++++ MATERIAL FOR THIS TASK

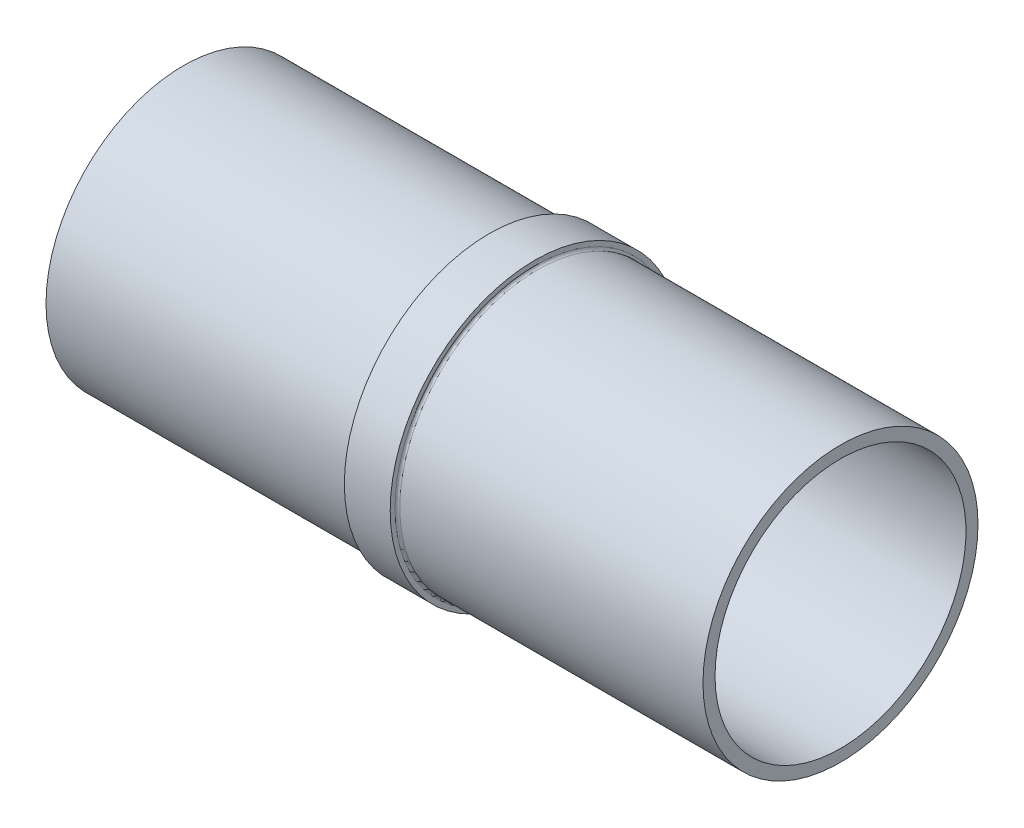
from build123d import *


with BuildPart() as part:
    # Sketch1 → Revolve1 (revolve)
    with BuildSketch(Plane(origin=(0, 0, 0), x_dir=(1, 0, 0), z_dir=(0, 1, 0))):
        with BuildLine():
            Line((0, 52.15), (-74.2, 52.15))
            ThreePointArc((-74.2, 52.15), (-75.614213562, 51.564213562), (-76.2, 50.15))
            Line((-76.2, 50.15), (-76.2, 42.15))
            Line((-76.2, 42.15), (-95.7, 42.15))
            Line((-95.7, 42.15), (-95.7, 50.15))
            ThreePointArc((-95.7, 50.15), (-96.285786438, 51.564213562), (-97.7, 52.15))
            Line((-97.7, 52.15), (-273.05, 52.15))
            Line((-273.05, 52.15), (-273.05, 57.15))
            Line((-273.05, 57.15), (-147.05, 57.15))
            ThreePointArc((-147.05, 57.15), (-146.342893219, 57.442893219), (-146.05, 58.15))
            Line((-146.05, 58.15), (-146.05, 60.15))
            Line((-146.05, 60.15), (-127, 60.15))
            Line((-127, 60.15), (-127, 58.15))
            ThreePointArc((-127, 58.15), (-126.707106781, 57.442893219), (-126, 57.15))
            Line((-126, 57.15), (0, 57.15))
            Line((0, 57.15), (0, 52.15))
        make_face()
    revolve(axis=Axis((-185.768615225, 0, 0), (1, 0, 0)))


solid = part.part

++++++++

__GOAL OF THE EXERCISE__: Whenever a line in the records contains the word "part", copy that line.

__TASK RESPONSE__:
with BuildPart() as part:
solid = part.part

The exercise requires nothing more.